TASK ITEM
Copy out each line from the start of the material below until the line with "F11_DEPTH = 7.001", that line included.

RECORDS PROVIDED
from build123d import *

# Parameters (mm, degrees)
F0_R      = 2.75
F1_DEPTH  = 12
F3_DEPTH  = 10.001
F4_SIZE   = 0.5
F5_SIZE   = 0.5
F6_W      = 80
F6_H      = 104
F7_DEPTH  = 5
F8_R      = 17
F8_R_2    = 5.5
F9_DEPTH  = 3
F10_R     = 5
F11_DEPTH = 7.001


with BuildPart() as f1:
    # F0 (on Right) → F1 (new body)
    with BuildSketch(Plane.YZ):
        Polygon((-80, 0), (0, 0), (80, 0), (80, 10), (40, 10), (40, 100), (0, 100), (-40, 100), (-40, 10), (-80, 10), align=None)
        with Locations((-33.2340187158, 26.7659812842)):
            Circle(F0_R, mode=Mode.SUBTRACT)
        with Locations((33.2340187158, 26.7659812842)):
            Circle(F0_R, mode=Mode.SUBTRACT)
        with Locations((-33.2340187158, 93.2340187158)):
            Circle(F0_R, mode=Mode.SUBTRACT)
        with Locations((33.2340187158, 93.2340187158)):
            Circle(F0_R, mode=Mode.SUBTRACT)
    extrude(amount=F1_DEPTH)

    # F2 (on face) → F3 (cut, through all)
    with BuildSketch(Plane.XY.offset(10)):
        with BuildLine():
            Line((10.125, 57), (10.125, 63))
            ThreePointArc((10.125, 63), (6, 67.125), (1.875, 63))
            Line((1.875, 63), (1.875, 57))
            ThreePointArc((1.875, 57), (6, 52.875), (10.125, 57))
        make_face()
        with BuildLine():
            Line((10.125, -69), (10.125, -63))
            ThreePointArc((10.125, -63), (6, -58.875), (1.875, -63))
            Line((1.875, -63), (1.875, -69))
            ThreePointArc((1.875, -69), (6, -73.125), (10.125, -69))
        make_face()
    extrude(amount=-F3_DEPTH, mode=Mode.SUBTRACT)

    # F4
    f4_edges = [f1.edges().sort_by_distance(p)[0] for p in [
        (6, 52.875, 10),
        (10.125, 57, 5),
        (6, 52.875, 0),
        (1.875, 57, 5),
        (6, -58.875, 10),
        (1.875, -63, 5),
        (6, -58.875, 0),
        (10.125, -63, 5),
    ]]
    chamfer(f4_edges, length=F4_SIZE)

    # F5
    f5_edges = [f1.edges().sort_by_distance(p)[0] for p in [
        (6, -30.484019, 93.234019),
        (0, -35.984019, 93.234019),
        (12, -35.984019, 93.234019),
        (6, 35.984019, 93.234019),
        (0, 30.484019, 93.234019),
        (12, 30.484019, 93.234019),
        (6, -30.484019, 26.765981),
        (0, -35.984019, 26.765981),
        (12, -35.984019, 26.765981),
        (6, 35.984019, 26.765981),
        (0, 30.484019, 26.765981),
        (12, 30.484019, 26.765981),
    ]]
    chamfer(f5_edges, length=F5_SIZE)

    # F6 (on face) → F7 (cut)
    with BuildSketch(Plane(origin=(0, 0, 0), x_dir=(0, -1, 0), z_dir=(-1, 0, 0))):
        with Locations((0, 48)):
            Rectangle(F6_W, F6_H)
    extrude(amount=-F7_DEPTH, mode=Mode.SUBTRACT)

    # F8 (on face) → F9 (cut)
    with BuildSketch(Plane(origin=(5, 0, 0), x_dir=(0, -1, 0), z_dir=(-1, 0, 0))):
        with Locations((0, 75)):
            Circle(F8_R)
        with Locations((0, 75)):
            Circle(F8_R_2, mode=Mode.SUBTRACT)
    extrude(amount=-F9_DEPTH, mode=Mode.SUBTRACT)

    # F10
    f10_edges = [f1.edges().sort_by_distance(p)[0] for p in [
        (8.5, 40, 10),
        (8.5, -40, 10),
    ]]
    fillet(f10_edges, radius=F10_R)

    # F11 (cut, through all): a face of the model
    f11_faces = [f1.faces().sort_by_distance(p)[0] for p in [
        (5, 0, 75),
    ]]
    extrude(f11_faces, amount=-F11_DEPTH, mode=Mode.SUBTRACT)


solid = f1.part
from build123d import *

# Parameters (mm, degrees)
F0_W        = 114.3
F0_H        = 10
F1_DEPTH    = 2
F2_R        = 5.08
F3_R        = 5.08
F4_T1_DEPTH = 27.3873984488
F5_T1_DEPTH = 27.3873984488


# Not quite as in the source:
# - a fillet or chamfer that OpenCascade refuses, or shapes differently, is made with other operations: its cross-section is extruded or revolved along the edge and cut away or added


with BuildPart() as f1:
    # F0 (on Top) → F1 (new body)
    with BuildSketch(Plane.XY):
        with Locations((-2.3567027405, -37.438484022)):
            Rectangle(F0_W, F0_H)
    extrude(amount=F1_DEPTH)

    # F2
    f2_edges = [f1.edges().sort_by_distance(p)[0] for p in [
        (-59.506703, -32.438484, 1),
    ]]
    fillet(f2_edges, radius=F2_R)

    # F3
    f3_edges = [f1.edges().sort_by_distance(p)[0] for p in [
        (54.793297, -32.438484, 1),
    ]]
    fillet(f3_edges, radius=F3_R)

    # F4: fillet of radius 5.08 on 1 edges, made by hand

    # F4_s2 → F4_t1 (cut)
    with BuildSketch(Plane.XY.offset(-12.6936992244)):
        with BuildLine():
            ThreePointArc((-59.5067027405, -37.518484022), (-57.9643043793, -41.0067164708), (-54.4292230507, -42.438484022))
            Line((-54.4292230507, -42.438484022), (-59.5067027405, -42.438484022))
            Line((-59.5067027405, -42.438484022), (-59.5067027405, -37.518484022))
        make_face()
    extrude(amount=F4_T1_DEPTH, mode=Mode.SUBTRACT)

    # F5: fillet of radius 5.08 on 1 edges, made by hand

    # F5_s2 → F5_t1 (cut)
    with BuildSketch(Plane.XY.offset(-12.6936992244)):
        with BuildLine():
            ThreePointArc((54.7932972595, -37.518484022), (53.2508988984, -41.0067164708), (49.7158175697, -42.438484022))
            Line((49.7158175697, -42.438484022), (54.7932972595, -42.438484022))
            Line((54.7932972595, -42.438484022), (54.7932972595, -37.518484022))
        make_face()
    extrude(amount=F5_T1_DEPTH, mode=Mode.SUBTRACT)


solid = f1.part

COMPLETED EXERCISE
from build123d import *

# Parameters (mm, degrees)
F0_R      = 2.75
F1_DEPTH  = 12
F3_DEPTH  = 10.001
F4_SIZE   = 0.5
F5_SIZE   = 0.5
F6_W      = 80
F6_H      = 104
F7_DEPTH  = 5
F8_R      = 17
F8_R_2    = 5.5
F9_DEPTH  = 3
F10_R     = 5
F11_DEPTH = 7.001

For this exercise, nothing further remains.